WORK TO COMPLETE: Count the lines below that contain the word "LayerDown", and report only that number.

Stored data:
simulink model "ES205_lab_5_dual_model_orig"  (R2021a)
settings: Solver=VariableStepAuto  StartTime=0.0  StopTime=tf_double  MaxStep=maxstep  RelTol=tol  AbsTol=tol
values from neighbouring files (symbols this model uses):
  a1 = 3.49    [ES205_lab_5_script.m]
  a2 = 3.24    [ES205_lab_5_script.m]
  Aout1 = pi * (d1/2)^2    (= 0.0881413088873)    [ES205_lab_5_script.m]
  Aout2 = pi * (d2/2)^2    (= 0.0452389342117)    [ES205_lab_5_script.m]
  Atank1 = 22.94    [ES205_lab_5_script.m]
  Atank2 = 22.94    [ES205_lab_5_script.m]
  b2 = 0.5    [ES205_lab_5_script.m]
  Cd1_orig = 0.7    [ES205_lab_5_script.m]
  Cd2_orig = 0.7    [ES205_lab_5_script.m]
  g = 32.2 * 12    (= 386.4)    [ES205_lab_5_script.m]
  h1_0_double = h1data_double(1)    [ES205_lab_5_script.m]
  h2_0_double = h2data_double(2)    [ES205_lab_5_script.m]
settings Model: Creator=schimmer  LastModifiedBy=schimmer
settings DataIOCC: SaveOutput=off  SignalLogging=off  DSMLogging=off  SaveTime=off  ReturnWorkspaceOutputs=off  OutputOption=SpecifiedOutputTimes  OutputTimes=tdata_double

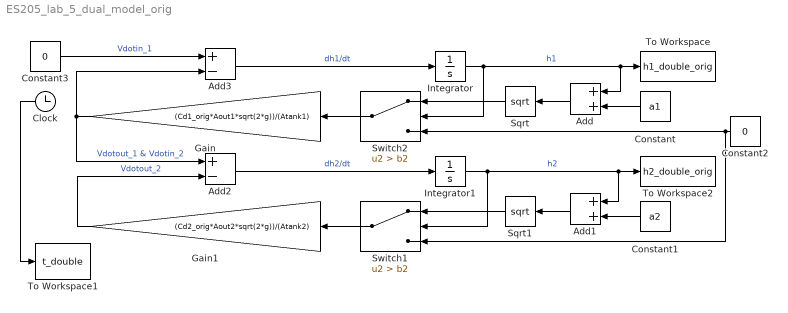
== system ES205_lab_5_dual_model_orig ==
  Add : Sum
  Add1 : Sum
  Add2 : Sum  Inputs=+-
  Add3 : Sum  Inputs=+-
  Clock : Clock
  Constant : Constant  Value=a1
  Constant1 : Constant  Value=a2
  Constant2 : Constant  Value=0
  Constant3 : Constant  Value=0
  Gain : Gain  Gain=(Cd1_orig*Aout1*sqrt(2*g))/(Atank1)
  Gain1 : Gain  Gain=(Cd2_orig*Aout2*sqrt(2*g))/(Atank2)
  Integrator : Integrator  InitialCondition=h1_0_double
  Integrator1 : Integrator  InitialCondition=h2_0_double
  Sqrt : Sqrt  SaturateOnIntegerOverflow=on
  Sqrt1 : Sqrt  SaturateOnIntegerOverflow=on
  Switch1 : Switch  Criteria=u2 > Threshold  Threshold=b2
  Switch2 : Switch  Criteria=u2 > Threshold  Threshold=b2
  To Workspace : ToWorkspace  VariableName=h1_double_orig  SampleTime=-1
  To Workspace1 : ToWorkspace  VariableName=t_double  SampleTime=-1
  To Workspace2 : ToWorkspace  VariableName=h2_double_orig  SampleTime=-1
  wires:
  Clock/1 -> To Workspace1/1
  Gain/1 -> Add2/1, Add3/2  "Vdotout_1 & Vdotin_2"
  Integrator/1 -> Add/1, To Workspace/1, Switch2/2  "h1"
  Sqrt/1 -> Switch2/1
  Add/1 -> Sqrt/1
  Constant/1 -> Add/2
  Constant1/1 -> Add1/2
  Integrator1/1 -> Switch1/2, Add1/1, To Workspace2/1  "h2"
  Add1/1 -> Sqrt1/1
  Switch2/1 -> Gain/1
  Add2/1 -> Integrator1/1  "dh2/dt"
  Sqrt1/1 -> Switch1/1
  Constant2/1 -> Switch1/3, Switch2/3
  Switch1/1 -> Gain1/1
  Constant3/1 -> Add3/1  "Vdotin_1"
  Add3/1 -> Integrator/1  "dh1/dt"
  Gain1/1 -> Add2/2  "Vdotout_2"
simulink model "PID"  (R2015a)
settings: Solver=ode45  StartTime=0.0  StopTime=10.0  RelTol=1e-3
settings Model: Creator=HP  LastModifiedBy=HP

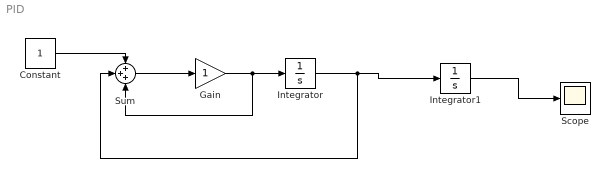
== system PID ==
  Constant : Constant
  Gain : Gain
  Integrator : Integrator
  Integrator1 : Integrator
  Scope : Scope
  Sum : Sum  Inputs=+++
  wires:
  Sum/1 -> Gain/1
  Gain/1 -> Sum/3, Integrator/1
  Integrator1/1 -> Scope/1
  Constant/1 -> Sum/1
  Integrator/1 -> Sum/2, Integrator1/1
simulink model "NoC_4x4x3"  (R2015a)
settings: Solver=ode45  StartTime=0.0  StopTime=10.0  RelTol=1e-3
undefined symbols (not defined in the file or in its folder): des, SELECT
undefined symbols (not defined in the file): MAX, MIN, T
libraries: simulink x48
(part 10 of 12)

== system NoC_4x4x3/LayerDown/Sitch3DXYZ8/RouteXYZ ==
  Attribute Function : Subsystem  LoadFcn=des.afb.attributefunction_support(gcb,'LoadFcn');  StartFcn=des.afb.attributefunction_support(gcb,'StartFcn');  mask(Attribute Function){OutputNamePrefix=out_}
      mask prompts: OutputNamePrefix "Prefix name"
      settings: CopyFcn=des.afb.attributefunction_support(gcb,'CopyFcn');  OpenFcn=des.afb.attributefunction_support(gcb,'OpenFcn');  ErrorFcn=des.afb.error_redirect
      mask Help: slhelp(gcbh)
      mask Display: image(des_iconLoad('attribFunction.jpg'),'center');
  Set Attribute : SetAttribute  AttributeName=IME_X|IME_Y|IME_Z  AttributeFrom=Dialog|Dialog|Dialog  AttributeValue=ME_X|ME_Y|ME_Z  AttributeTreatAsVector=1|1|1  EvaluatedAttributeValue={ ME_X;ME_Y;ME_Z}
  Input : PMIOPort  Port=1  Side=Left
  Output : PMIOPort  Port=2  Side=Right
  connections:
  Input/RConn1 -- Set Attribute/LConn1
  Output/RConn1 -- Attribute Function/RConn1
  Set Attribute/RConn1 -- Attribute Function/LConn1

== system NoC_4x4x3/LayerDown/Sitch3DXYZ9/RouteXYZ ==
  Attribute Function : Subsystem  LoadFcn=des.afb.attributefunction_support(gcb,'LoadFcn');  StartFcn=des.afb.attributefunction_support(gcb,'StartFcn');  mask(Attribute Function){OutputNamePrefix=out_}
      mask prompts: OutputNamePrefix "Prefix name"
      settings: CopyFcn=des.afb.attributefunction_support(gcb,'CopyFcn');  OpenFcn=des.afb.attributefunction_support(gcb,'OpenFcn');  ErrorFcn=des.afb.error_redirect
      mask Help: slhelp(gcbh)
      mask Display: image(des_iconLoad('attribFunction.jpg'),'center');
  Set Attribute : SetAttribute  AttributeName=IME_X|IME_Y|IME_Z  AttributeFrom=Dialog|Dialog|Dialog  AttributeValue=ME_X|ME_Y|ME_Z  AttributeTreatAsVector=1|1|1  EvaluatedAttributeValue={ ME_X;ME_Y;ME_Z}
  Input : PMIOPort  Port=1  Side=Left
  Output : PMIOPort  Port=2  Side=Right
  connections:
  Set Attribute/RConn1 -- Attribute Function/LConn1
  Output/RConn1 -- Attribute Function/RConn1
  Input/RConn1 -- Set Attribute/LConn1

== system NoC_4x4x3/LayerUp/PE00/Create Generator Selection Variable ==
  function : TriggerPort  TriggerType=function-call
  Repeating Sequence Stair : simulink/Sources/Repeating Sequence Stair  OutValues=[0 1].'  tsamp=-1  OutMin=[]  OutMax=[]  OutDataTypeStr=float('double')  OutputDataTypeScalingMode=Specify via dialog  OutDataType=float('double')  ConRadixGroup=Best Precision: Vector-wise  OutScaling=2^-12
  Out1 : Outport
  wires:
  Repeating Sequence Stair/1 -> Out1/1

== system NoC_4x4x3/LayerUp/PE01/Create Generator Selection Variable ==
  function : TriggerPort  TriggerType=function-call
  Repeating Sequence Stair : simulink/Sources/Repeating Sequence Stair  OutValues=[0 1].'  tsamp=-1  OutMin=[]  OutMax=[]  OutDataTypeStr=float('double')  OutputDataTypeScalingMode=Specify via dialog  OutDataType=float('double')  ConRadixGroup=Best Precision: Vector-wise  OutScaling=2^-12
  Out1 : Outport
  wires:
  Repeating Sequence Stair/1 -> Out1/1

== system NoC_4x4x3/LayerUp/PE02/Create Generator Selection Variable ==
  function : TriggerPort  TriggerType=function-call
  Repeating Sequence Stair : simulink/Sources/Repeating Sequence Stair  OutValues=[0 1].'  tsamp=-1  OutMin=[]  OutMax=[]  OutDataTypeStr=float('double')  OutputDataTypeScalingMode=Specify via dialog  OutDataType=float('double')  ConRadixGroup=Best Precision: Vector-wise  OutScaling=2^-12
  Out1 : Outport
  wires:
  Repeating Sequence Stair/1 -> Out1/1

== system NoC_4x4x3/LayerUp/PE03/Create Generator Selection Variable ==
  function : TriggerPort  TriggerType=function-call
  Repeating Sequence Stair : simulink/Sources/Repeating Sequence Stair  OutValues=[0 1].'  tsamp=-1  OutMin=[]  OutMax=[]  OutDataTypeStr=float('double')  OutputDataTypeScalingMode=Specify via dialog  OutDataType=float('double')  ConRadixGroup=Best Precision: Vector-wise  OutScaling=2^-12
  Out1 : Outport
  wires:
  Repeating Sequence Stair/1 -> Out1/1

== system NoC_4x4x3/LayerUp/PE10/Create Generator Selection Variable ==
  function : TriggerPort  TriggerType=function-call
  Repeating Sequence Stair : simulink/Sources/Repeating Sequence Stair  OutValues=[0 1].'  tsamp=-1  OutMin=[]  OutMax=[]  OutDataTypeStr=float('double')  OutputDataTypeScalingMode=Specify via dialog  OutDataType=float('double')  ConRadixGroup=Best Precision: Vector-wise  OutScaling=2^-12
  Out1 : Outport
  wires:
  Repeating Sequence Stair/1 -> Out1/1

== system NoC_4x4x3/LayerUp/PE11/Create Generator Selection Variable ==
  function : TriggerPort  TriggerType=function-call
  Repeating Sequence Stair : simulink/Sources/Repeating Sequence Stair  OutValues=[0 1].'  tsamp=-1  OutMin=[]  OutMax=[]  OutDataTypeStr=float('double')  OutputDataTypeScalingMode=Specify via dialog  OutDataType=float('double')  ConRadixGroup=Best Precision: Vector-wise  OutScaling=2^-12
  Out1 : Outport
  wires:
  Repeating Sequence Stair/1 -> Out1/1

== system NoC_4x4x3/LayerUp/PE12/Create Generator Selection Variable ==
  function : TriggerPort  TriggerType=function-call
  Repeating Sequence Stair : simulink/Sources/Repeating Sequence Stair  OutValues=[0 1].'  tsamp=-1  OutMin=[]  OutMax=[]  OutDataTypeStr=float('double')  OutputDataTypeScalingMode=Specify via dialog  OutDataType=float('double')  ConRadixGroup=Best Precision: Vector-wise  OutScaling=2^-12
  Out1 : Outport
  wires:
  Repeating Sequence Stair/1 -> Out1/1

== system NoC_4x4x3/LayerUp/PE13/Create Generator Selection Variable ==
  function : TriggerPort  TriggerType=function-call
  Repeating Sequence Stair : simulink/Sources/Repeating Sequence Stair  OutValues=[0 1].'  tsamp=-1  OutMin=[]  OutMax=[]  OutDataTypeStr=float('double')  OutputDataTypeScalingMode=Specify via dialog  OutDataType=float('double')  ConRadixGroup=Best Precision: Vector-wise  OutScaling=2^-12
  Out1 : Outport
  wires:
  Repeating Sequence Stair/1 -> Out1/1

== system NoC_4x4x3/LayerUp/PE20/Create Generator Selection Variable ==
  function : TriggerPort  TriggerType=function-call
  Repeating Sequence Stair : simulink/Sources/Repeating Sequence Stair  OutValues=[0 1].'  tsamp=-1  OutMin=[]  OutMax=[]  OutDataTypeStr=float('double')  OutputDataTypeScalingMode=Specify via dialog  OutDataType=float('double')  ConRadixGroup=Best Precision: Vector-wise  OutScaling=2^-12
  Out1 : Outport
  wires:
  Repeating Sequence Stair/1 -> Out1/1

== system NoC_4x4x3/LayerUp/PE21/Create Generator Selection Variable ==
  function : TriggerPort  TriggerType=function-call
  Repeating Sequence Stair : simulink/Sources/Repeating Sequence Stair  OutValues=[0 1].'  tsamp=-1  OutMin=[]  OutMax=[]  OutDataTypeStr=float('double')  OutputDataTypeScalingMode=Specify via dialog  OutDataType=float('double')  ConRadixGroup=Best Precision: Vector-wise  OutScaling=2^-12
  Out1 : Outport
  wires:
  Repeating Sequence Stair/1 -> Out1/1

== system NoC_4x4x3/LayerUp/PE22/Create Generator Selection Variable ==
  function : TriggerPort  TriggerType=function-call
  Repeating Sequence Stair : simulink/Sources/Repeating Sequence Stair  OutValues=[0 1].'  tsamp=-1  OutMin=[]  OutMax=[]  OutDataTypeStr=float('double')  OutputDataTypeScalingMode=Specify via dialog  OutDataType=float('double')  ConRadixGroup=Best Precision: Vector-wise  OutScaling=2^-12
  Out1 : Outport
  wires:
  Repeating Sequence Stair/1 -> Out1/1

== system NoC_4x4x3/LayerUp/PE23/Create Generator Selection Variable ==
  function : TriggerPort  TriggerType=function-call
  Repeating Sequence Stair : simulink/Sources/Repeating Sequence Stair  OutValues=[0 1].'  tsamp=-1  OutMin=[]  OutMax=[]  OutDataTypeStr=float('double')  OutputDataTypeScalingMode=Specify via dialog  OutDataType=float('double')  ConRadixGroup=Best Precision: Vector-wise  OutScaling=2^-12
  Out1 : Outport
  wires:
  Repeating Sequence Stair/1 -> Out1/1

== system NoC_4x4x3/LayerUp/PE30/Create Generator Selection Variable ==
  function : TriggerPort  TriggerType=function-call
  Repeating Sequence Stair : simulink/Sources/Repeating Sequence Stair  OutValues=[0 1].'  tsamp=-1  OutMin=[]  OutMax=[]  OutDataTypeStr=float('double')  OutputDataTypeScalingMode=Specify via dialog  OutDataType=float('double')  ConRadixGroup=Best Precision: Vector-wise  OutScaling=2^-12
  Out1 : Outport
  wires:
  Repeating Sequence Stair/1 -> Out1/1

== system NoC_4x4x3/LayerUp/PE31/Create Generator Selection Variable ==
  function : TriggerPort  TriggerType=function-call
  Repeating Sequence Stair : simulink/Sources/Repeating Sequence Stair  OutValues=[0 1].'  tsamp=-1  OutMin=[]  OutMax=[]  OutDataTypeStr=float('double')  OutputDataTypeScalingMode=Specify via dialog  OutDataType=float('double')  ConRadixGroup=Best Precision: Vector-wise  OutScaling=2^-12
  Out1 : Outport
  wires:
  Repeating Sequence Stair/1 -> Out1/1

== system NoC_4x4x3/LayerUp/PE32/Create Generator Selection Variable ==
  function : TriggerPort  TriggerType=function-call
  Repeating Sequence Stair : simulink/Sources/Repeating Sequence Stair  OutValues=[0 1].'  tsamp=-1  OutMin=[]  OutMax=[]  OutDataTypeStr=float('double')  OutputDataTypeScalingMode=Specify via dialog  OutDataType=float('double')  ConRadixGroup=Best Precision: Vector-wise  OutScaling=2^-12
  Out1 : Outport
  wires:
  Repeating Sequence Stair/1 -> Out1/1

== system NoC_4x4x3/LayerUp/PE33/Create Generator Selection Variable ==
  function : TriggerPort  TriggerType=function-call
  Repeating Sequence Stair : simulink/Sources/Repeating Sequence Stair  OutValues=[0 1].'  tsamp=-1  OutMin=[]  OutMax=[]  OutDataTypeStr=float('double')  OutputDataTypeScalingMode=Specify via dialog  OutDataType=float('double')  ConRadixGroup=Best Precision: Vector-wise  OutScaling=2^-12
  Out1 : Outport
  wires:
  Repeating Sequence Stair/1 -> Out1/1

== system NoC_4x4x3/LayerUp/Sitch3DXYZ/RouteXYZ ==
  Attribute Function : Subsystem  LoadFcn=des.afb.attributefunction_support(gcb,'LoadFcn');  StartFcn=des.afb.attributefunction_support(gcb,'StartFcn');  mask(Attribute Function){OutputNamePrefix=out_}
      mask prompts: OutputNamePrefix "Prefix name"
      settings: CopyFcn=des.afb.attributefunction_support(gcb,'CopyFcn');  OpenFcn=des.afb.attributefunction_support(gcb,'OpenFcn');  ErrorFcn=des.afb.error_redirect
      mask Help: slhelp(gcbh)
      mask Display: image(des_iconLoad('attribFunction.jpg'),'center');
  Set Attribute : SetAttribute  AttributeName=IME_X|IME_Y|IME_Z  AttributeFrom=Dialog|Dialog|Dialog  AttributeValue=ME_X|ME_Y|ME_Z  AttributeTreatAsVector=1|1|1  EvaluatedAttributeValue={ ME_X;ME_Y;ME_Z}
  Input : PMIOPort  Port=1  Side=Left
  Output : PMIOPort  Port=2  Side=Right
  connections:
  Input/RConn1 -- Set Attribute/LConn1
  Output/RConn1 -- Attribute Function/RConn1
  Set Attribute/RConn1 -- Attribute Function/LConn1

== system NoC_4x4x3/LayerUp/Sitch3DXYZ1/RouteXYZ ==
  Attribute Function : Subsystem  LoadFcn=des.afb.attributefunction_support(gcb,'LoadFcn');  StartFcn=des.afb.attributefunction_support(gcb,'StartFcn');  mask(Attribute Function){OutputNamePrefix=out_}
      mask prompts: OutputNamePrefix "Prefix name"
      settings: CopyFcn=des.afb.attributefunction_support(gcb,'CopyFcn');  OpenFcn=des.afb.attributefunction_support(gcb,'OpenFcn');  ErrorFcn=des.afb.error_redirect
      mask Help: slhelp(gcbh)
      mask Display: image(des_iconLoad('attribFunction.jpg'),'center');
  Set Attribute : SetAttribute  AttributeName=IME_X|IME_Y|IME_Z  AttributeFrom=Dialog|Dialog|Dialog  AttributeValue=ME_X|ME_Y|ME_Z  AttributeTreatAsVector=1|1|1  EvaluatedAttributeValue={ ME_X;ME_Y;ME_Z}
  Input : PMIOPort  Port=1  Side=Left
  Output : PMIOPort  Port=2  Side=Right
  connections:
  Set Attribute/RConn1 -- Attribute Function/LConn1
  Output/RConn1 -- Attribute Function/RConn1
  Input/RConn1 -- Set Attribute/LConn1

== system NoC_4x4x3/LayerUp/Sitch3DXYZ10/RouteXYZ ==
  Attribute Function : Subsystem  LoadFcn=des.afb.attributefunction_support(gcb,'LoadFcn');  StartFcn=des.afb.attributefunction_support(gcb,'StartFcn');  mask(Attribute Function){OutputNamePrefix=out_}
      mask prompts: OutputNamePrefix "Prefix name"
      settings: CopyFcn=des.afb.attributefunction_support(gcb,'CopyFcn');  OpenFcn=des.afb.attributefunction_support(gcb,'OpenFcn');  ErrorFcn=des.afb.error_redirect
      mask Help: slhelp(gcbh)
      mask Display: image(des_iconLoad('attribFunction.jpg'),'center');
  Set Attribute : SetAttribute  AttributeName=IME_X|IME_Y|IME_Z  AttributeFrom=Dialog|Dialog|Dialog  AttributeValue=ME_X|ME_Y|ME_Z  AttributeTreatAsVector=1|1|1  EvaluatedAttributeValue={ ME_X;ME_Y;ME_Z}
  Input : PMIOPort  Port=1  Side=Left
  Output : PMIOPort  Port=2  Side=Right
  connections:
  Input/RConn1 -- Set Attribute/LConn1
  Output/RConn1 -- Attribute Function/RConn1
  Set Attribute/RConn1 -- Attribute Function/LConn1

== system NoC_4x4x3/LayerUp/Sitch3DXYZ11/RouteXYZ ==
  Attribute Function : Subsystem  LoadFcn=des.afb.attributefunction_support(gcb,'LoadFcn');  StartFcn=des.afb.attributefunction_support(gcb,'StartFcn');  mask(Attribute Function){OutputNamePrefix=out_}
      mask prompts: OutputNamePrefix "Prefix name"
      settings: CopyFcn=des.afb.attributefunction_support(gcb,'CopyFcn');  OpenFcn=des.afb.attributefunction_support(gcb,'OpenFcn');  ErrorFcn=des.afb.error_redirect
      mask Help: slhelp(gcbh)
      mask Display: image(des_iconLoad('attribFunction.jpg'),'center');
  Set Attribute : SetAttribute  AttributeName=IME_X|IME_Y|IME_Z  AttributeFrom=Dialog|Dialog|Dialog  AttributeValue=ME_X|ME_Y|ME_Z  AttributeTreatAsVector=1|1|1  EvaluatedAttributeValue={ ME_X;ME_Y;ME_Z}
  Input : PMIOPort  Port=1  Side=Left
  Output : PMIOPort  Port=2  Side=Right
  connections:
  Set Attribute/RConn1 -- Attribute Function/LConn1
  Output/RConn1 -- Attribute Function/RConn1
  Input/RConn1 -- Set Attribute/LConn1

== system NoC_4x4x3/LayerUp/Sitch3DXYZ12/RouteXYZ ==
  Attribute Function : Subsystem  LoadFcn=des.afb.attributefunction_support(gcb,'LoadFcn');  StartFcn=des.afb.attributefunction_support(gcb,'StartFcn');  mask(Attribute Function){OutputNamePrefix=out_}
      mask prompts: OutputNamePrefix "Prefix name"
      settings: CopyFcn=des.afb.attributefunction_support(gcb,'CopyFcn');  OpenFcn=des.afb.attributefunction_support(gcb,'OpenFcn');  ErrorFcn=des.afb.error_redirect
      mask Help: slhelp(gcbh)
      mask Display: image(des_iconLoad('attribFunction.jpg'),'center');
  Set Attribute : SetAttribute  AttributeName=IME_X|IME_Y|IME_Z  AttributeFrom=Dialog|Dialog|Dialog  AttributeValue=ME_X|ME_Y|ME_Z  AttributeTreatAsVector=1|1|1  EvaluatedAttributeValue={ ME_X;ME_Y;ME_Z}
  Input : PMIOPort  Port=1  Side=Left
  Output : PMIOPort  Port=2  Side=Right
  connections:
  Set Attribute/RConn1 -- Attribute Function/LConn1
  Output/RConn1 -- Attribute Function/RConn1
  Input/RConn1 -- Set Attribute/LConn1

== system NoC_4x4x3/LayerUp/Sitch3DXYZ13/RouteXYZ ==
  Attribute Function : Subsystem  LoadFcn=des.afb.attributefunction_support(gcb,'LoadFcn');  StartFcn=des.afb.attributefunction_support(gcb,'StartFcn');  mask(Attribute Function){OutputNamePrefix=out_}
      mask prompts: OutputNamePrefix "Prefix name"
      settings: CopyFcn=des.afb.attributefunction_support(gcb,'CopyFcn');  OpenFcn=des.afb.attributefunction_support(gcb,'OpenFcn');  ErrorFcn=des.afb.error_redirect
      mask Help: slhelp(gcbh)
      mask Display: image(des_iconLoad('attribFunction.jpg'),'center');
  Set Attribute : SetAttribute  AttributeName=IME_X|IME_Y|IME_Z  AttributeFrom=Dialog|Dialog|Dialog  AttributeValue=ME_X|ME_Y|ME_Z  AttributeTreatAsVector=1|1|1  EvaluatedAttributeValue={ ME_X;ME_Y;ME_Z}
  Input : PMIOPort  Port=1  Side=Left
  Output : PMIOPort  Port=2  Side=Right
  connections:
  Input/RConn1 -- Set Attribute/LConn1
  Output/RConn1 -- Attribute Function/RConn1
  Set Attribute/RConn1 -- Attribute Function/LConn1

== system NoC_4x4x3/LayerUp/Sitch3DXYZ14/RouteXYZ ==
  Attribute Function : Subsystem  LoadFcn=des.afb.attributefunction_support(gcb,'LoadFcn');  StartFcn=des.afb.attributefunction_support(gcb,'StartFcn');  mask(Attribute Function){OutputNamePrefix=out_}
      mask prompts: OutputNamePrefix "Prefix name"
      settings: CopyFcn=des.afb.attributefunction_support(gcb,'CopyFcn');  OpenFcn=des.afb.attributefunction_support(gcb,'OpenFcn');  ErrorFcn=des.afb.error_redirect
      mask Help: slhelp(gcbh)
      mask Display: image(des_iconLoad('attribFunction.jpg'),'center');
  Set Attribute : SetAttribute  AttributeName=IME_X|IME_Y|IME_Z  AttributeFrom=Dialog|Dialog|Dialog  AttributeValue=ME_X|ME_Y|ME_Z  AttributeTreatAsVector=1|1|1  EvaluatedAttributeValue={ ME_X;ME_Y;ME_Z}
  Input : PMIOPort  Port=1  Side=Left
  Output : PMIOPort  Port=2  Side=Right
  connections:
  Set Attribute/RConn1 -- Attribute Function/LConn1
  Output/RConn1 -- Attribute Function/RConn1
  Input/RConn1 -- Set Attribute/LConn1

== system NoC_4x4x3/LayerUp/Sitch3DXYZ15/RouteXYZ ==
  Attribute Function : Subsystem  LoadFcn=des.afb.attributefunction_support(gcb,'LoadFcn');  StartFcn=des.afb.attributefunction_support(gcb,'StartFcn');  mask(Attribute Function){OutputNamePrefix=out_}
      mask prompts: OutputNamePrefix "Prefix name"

WRITTEN SOLUTION: 2